__Instructions to follow__.
Please find every line in the records below that contains the word "origin", and copy it.

__Extracted information__.
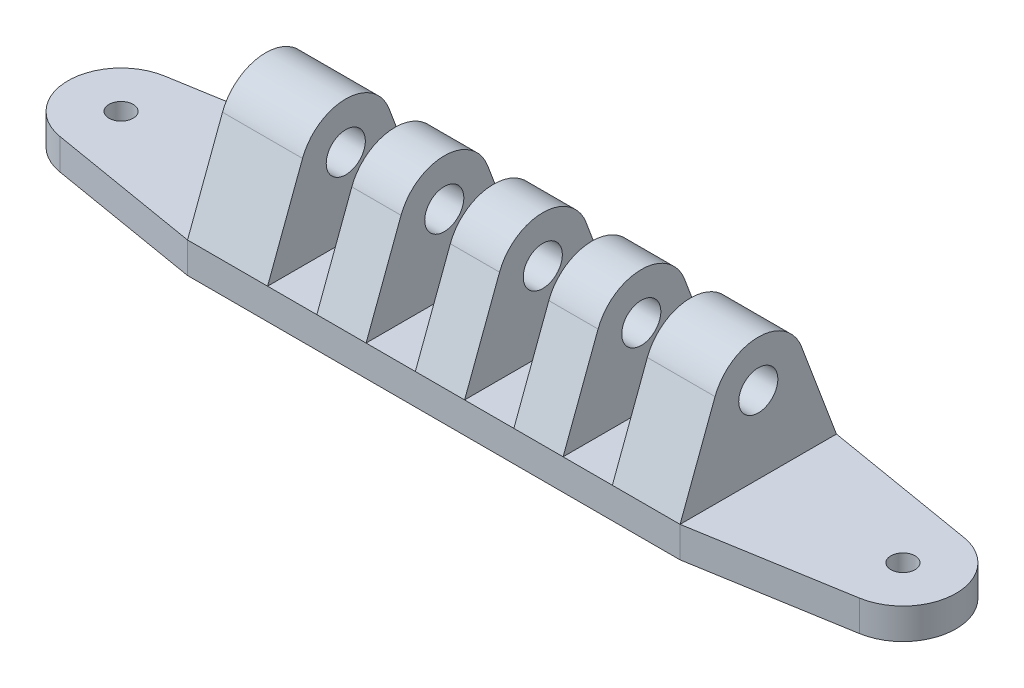
from build123d import *

# Parameters (mm, degrees)
SKETCH1_W           = 160
SKETCH1_H           = 50.8
BOSS_EXTRUDE1_DEPTH = 10
SKETCH2_R           = 6.35
BOSS_EXTRUDE2_DEPTH = 160
SKETCH3_W           = 16
SKETCH3_H           = 40
CUT_EXTRUDE1_DEPTH  = 71
SKETCH5_R           = 3.9243
BOSS_EXTRUDE3_DEPTH = 10


with BuildPart() as part:
    # Sketch1 → Boss-Extrude1 (new body)
    with BuildSketch(Plane(origin=(0, 0, 0), x_dir=(1, 0, 0), z_dir=(0, 1, 0))):
        with Locations((80, 25.4)):
            Rectangle(SKETCH1_W, SKETCH1_H)
    extrude(amount=BOSS_EXTRUDE1_DEPTH)

    # Sketch2 → Boss-Extrude2 (add, through all)
    with BuildSketch(Plane.ZY):
        with BuildLine():
            Line((-50.8, 10), (-39.444175854, 40.268882668))
            ThreePointArc((-39.444175854, 40.268882668), (-25.4, 50), (-11.355824146, 40.268882668))
            Line((-11.355824146, 40.268882668), (0, 10))
            Line((0, 10), (-50.8, 10))
        make_face()
        with Locations((-25.4, 35)):
            Circle(SKETCH2_R, mode=Mode.SUBTRACT)
    extrude(amount=-BOSS_EXTRUDE2_DEPTH)

    # Sketch3 → Cut-Extrude1 (cut)
    with BuildSketch(Plane(origin=(0, 0, -50.8), x_dir=(-1, 0, 0), z_dir=(0, 0, -1))):
        with Locations((-130, 30)):
            Rectangle(SKETCH3_W, SKETCH3_H)
        with Locations((-98, 30)):
            Rectangle(SKETCH3_W, SKETCH3_H)
        with Locations((-66, 30)):
            Rectangle(SKETCH3_W, SKETCH3_H)
        with Locations((-34, 30)):
            Rectangle(SKETCH3_W, SKETCH3_H)
    extrude(amount=-CUT_EXTRUDE1_DEPTH, mode=Mode.SUBTRACT)

    # Sketch5 → Boss-Extrude3 (add)
    # profile 1 of 2: a face of its own
    with BuildSketch(Plane.XZ):
        with BuildLine():
            Line((160, 0), (209.86380094, -8.4))
            ThreePointArc((209.86380094, -8.4), (224.239528875, -25.4), (209.86380094, -42.4))
            Line((209.86380094, -42.4), (160, -50.8))
            Line((160, -50.8), (160, 0))
        make_face()
        with Locations(Location((207, -25.4, 0), (0, 0, 90))):
            Circle(SKETCH5_R, mode=Mode.SUBTRACT)
    # profile 2 of 2: a face of its own
    with BuildSketch(Plane.XZ):
        with BuildLine():
            Line((0, 0), (-49.86380094, -8.4))
            ThreePointArc((-49.86380094, -8.4), (-64.239528875, -25.4), (-49.86380094, -42.4))
            Line((-49.86380094, -42.4), (0, -50.8))
            Line((0, -50.8), (0, 0))
        make_face()
        with Locations(Location((-47, -25.4, 0), (0, 0, 270))):
            Circle(SKETCH5_R, mode=Mode.SUBTRACT)
    extrude(amount=-BOSS_EXTRUDE3_DEPTH)


solid = part.part

__The completed task__.
    with BuildSketch(Plane(origin=(0, 0, 0), x_dir=(1, 0, 0), z_dir=(0, 1, 0))):
    with BuildSketch(Plane(origin=(0, 0, -50.8), x_dir=(-1, 0, 0), z_dir=(0, 0, -1))):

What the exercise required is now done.